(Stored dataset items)
_____
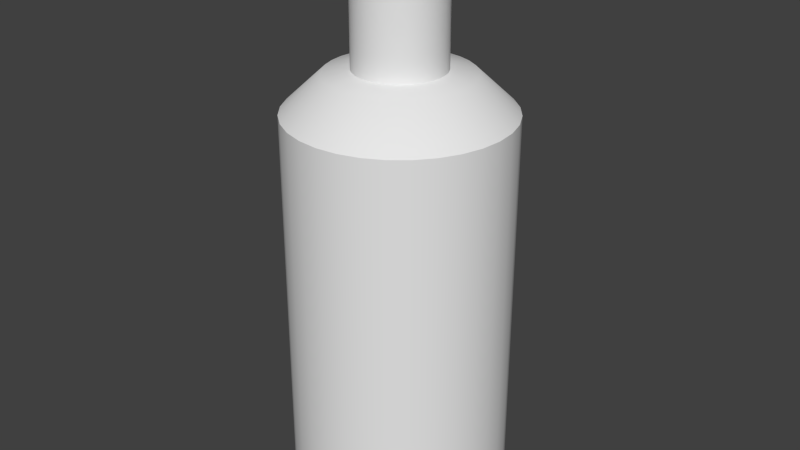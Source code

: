 # Source: Bottle_Tall.blend  (saved by Blender 2.76.0; exported with 4.5.12 LTS)
import bpy
from mathutils import Matrix  # noqa: F401  (used for matrix-valued properties, if any)

bpy.ops.wm.read_factory_settings(use_empty=True)
scene = bpy.context.scene
scene.name = 'Scene'

# ---- collections
col_collection_1 = bpy.data.collections.new('Collection 1'); scene.collection.children.link(col_collection_1)

# ---- node groups
ng_auto_smooth = bpy.data.node_groups.new('Auto Smooth', 'GeometryNodeTree')
_s = ng_auto_smooth.interface.new_socket(name='Geometry', in_out='OUTPUT', socket_type='NodeSocketGeometry')
_s = ng_auto_smooth.interface.new_socket(name='Geometry', in_out='INPUT', socket_type='NodeSocketGeometry')
_s = ng_auto_smooth.interface.new_socket(name='Angle', in_out='INPUT', socket_type='NodeSocketFloat')
_s.subtype = 'ANGLE'
_s.min_value = 0.0
_s.max_value = 3.142
ng_auto_smooth.is_modifier = True
_N = ng_auto_smooth.nodes; _L = ng_auto_smooth.links
n0 = _N.new('NodeGroupOutput'); n0.name = 'Group Output'; n0.location = (480, -100)
n1 = _N.new('NodeGroupInput'); n1.name = 'Group Input'; n1.location = (-420, -300)
n2 = _N.new('NodeGroupInput'); n2.name = 'Group Input.001'; n2.location = (-60, -100)
n3 = _N.new('GeometryNodeSetShadeSmooth'); n3.name = 'Set Shade Smooth'; n3.location = (120, -100)
n3.domain = 'EDGE'
n4 = _N.new('GeometryNodeSetShadeSmooth'); n4.name = 'Set Shade Smooth.001'; n4.location = (300, -100)
n5 = _N.new('GeometryNodeInputMeshEdgeAngle'); n5.name = 'Edge Angle'; n5.location = (-420, -220)
n6 = _N.new('GeometryNodeInputEdgeSmooth'); n6.name = 'Is Edge Smooth'; n6.location = (-60, -160)
n7 = _N.new('GeometryNodeInputShadeSmooth'); n7.name = 'Is Face Smooth'; n7.location = (-240, -340)
n8 = _N.new('FunctionNodeBooleanMath'); n8.name = 'Boolean Math'; n8.location = (-60, -220)
n9 = _N.new('FunctionNodeCompare'); n9.name = 'Compare'; n9.location = (-240, -180)
n9.operation = 'LESS_EQUAL'
_L.new(n5.outputs[0], n9.inputs[0])
_L.new(n4.outputs[0], n0.inputs[0])
_L.new(n1.outputs[1], n9.inputs[1])
_L.new(n9.outputs[0], n8.inputs[0])
_L.new(n7.outputs[0], n8.inputs[1])
_L.new(n2.outputs[0], n3.inputs[0])
_L.new(n6.outputs[0], n3.inputs[1])
_L.new(n3.outputs[0], n4.inputs[0])
_L.new(n8.outputs[0], n3.inputs[2])
n0.is_active_output = True

# ---- world
world_world = bpy.data.worlds.new('World'); scene.world = world_world
world_world.color = (0.05088, 0.05088, 0.05088)
world_world.use_sun_shadow = False
world_world.sun_shadow_jitter_overblur = 0.0
world_world.cycles.sampling_method = 'MANUAL'
world_world.cycles.sample_map_resolution = 256

# ---- meshes
me_cylinder_030 = bpy.data.meshes.new('Cylinder.030')
me_cylinder_030.from_pydata([(0.0, 0.05165, -0.006911), (0.0, 0.05165, 0.1735), (0.01008, 0.05066, -0.006911), (0.01008, 0.05066, 0.1735), (0.01977, 0.04772, -0.006911), (0.01977, 0.04772, 0.1735), (0.02869, 0.04294, -0.006911), (0.02869, 0.04294, 0.1735), (0.03652, 0.03652, -0.006911), (0.03652, 0.03652, 0.1735), (0.04294, 0.02869, -0.006911), (0.04294, 0.02869, 0.1735), (0.04772, 0.01977, -0.006911), (0.04772, 0.01977, 0.1735), (0.05066, 0.01008, -0.006911), (0.05066, 0.01008, 0.1735), (0.05165, 3.899e-09, -0.006911), (0.05165, 3.899e-09, 0.1735), (0.05066, -0.01008, -0.006911), (0.05066, -0.01008, 0.1735), (0.04772, -0.01977, -0.006911), (0.04772, -0.01977, 0.1735), (0.04294, -0.02869, -0.006911), (0.04294, -0.02869, 0.1735), (0.03652, -0.03652, -0.006911), (0.03652, -0.03652, 0.1735), (0.02869, -0.04294, -0.006911), (0.02869, -0.04294, 0.1735), (0.01977, -0.04772, -0.006911), (0.01977, -0.04772, 0.1735), (0.01008, -0.05066, -0.006911), (0.01008, -0.05066, 0.1735), (-1.683e-08, -0.05165, -0.006911), (-1.683e-08, -0.05165, 0.1735), (-0.01008, -0.05066, -0.006911), (-0.01008, -0.05066, 0.1735), (-0.01977, -0.04772, -0.006911), (-0.01977, -0.04772, 0.1735), (-0.02869, -0.04294, -0.006911), (-0.02869, -0.04294, 0.1735), (-0.03652, -0.03652, -0.006911), (-0.03652, -0.03652, 0.1735), (-0.04294, -0.02869, -0.006911), (-0.04294, -0.02869, 0.1735), (-0.04772, -0.01976, -0.006911), (-0.04772, -0.01976, 0.1735), (-0.05066, -0.01008, -0.006911), (-0.05066, -0.01008, 0.1735), (-0.05165, 4.987e-08, -0.006911), (-0.05165, 4.987e-08, 0.1735), (-0.05066, 0.01008, -0.006911), (-0.05066, 0.01008, 0.1735), (-0.04772, 0.01977, -0.006911), (-0.04772, 0.01977, 0.1735), (-0.04294, 0.02869, -0.006911), (-0.04294, 0.02869, 0.1735), (-0.03652, 0.03652, -0.006911), (-0.03652, 0.03652, 0.1735), (-0.02869, 0.04294, -0.006911), (-0.02869, 0.04294, 0.1735), (-0.01976, 0.04772, -0.006911), (-0.01976, 0.04772, 0.1735), (-0.01008, 0.05066, -0.006911), (-0.01008, 0.05066, 0.1735), (0.006529, 0.03282, 0.1907), (2.159e-09, 0.03347, 0.1907), (0.01281, 0.03092, 0.1907), (0.01859, 0.02783, 0.1907), (0.02366, 0.02366, 0.1907), (0.02783, 0.01859, 0.1907), (0.03092, 0.01281, 0.1907), (0.03282, 0.006529, 0.1907), (0.03347, 7.708e-09, 0.1907), (0.03282, -0.006529, 0.1907), (0.03092, -0.01281, 0.1907), (0.02783, -0.01859, 0.1907), (0.02366, -0.02366, 0.1907), (0.01859, -0.02783, 0.1907), (0.01281, -0.03092, 0.1907), (0.006529, -0.03282, 0.1907), (-8.746e-09, -0.03347, 0.1907), (-0.006529, -0.03282, 0.1907), (-0.01281, -0.03092, 0.1907), (-0.01859, -0.02783, 0.1907), (-0.02366, -0.02366, 0.1907), (-0.02783, -0.01859, 0.1907), (-0.03092, -0.01281, 0.1907), (-0.03282, -0.006529, 0.1907), (-0.03347, 3.75e-08, 0.1907), (-0.03282, 0.006529, 0.1907), (-0.03092, 0.01281, 0.1907), (-0.02783, 0.01859, 0.1907), (-0.02366, 0.02366, 0.1907), (-0.01859, 0.02783, 0.1907), (-0.01281, 0.03092, 0.1907), (-0.006529, 0.03282, 0.1907), (0.004069, 0.02046, 0.1927), (2.859e-09, 0.02086, 0.1927), (0.007982, 0.01927, 0.1927), (0.01159, 0.01734, 0.1927), (0.01475, 0.01475, 0.1927), (0.01734, 0.01159, 0.1927), (0.01927, 0.007982, 0.1927), (0.02046, 0.004069, 0.1927), (0.02086, 1.078e-08, 0.1927), (0.02046, -0.004069, 0.1927), (0.01927, -0.007982, 0.1927), (0.01734, -0.01159, 0.1927), (0.01475, -0.01475, 0.1927), (0.01159, -0.01734, 0.1927), (0.007982, -0.01927, 0.1927), (0.004069, -0.02046, 0.1927), (-3.938e-09, -0.02086, 0.1927), (-0.004069, -0.02046, 0.1927), (-0.007982, -0.01927, 0.1927), (-0.01159, -0.01734, 0.1927), (-0.01475, -0.01475, 0.1927), (-0.01734, -0.01159, 0.1927), (-0.01927, -0.007982, 0.1927), (-0.02046, -0.004069, 0.1927), (-0.02086, 2.935e-08, 0.1927), (-0.02046, 0.004069, 0.1927), (-0.01927, 0.007982, 0.1927), (-0.01734, 0.01159, 0.1927), (-0.01475, 0.01475, 0.1927), (-0.01159, 0.01734, 0.1927), (-0.007982, 0.01927, 0.1927), (-0.004069, 0.02046, 0.1927), (0.004069, 0.02046, 0.2492), (2.859e-09, 0.02086, 0.2492), (0.007982, 0.01927, 0.2492), (0.01159, 0.01734, 0.2492), (0.01475, 0.01475, 0.2492), (0.01734, 0.01159, 0.2492), (0.01927, 0.007982, 0.2492), (0.02046, 0.004069, 0.2492), (0.02086, 1.078e-08, 0.2492), (0.02046, -0.004069, 0.2492), (0.01927, -0.007982, 0.2492), (0.01734, -0.01159, 0.2492), (0.01475, -0.01475, 0.2492), (0.01159, -0.01734, 0.2492), (0.007982, -0.01927, 0.2492), (0.004069, -0.02046, 0.2492), (-3.938e-09, -0.02086, 0.2492), (-0.004069, -0.02046, 0.2492), (-0.007982, -0.01927, 0.2492), (-0.01159, -0.01734, 0.2492), (-0.01475, -0.01475, 0.2492), (-0.01734, -0.01159, 0.2492), (-0.01927, -0.007982, 0.2492), (-0.02046, -0.004069, 0.2492), (-0.02086, 2.935e-08, 0.2492), (-0.02046, 0.004069, 0.2492), (-0.01927, 0.007982, 0.2492), (-0.01734, 0.01159, 0.2492), (-0.01475, 0.01475, 0.2492), (-0.01159, 0.01734, 0.2492), (-0.007982, 0.01927, 0.2492), (-0.004069, 0.02046, 0.2492), (0.002217, 0.01115, 0.2492), (3.955e-09, 0.01137, 0.2492), (0.00435, 0.0105, 0.2492), (0.006315, 0.009451, 0.2492), (0.008037, 0.008037, 0.2492), (0.009451, 0.006315, 0.2492), (0.0105, 0.00435, 0.2492), (0.01115, 0.002217, 0.2492), (0.01137, 1.321e-08, 0.2492), (0.01115, -0.002217, 0.2492), (0.0105, -0.00435, 0.2492), (0.009451, -0.006315, 0.2492), (0.008037, -0.008037, 0.2492), (0.006315, -0.009451, 0.2492), (0.00435, -0.0105, 0.2492), (0.002217, -0.01115, 0.2492), (2.511e-10, -0.01137, 0.2492), (-0.002217, -0.01115, 0.2492), (-0.00435, -0.0105, 0.2492), (-0.006315, -0.009451, 0.2492), (-0.008037, -0.008037, 0.2492), (-0.009451, -0.006315, 0.2492), (-0.0105, -0.00435, 0.2492), (-0.01115, -0.002217, 0.2492), (-0.01137, 2.333e-08, 0.2492), (-0.01115, 0.002218, 0.2492), (-0.0105, 0.00435, 0.2492), (-0.009451, 0.006315, 0.2492), (-0.008037, 0.008037, 0.2492), (-0.006315, 0.009451, 0.2492), (-0.00435, 0.0105, 0.2492), (-0.002217, 0.01115, 0.2492), (0.002217, 0.01115, 0.2531), (3.955e-09, 0.01137, 0.2531), (0.00435, 0.0105, 0.2531), (0.006315, 0.009451, 0.2531), (0.008037, 0.008037, 0.2531), (0.009451, 0.006315, 0.2531), (0.0105, 0.00435, 0.2531), (0.01115, 0.002217, 0.2531), (0.01137, 1.321e-08, 0.2531), (0.01115, -0.002217, 0.2531), (0.0105, -0.00435, 0.2531), (0.009451, -0.006315, 0.2531), (0.008037, -0.008037, 0.2531), (0.006315, -0.009451, 0.2531), (0.00435, -0.0105, 0.2531), (0.002217, -0.01115, 0.2531), (2.511e-10, -0.01137, 0.2531), (-0.002217, -0.01115, 0.2531), (-0.00435, -0.0105, 0.2531), (-0.006315, -0.009451, 0.2531), (-0.008037, -0.008037, 0.2531), (-0.009451, -0.006315, 0.2531), (-0.0105, -0.00435, 0.2531), (-0.01115, -0.002217, 0.2531), (-0.01137, 2.333e-08, 0.2531), (-0.01115, 0.002218, 0.2531), (-0.0105, 0.00435, 0.2531), (-0.009451, 0.006315, 0.2531), (-0.008037, 0.008037, 0.2531), (-0.006315, 0.009451, 0.2531), (-0.00435, 0.0105, 0.2531), (-0.002217, 0.01115, 0.2531), (1.007e-09, 0.04317, -0.01439), (0.008421, 0.04234, -0.01439), (0.01652, 0.03988, -0.01439), (0.02398, 0.03589, -0.01439), (0.03052, 0.03052, -0.01439), (0.03589, 0.02398, -0.01439), (0.03988, 0.01652, -0.01439), (0.04234, 0.008421, -0.01439), (0.04317, 5.676e-09, -0.01439), (0.04234, -0.008421, -0.01439), (0.03988, -0.01652, -0.01439), (0.03589, -0.02398, -0.01439), (0.03052, -0.03052, -0.01439), (0.02398, -0.03589, -0.01439), (0.01652, -0.03988, -0.01439), (0.008421, -0.04234, -0.01439), (-1.306e-08, -0.04317, -0.01439), (-0.008421, -0.04234, -0.01439), (-0.01652, -0.03988, -0.01439), (-0.02398, -0.03589, -0.01439), (-0.03052, -0.03052, -0.01439), (-0.03589, -0.02398, -0.01439), (-0.03988, -0.01652, -0.01439), (-0.04234, -0.008421, -0.01439), (-0.04317, 4.41e-08, -0.01439), (-0.04234, 0.008421, -0.01439), (-0.03988, 0.01652, -0.01439), (-0.03589, 0.02398, -0.01439), (-0.03052, 0.03052, -0.01439), (-0.02398, 0.03589, -0.01439), (-0.01652, 0.03988, -0.01439), (-0.008421, 0.04234, -0.01439), (5.211e-09, 2.789e-09, -0.01439), (4.808e-09, 1.303e-08, 0.2531)], [], [(3, 5, 4, 2), (5, 7, 6, 4), (7, 9, 8, 6), (9, 11, 10, 8), (11, 13, 12, 10), (13, 15, 14, 12), (15, 17, 16, 14), (17, 19, 18, 16), (19, 21, 20, 18), (21, 23, 22, 20), (23, 25, 24, 22), (25, 27, 26, 24), (27, 29, 28, 26), (29, 31, 30, 28), (31, 33, 32, 30), (33, 35, 34, 32), (35, 37, 36, 34), (37, 39, 38, 36), (39, 41, 40, 38), (41, 43, 42, 40), (47, 49, 48, 46), (105, 137, 138, 106), (187, 219, 220, 188), (43, 45, 44, 42), (1, 3, 2, 0), (49, 51, 50, 48), (51, 53, 52, 50), (53, 55, 54, 52), (55, 57, 56, 54), (63, 95, 65, 1), (3, 64, 66, 5), (57, 59, 58, 56), (61, 63, 62, 60), (6, 8, 228, 227), (92, 124, 125, 93), (33, 80, 81, 35), (9, 68, 69, 11), (0, 224, 255, 62), (47, 45, 86, 87), (49, 88, 89, 51), (5, 66, 67, 7), (23, 75, 76, 25), (51, 89, 90, 53), (37, 82, 83, 39), (21, 74, 75, 23), (53, 90, 91, 55), (1, 65, 64, 3), (33, 31, 79, 80), (25, 76, 77, 27), (57, 55, 91, 92), (47, 87, 88, 49), (29, 78, 79, 31), (19, 73, 74, 21), (15, 71, 72, 17), (27, 77, 78, 29), (61, 59, 93, 94), (35, 81, 82, 37), (13, 70, 71, 15), (41, 84, 85, 43), (7, 67, 68, 9), (43, 85, 86, 45), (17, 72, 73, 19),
_____
| WHAT THE TASK ASKS |
Copy out the lines above with "NodeSocketGeometry" in them.

| EXPECTED ANSWER |
_s = ng_auto_smooth.interface.new_socket(name='Geometry', in_out='OUTPUT', socket_type='NodeSocketGeometry')
_s = ng_auto_smooth.interface.new_socket(name='Geometry', in_out='INPUT', socket_type='NodeSocketGeometry')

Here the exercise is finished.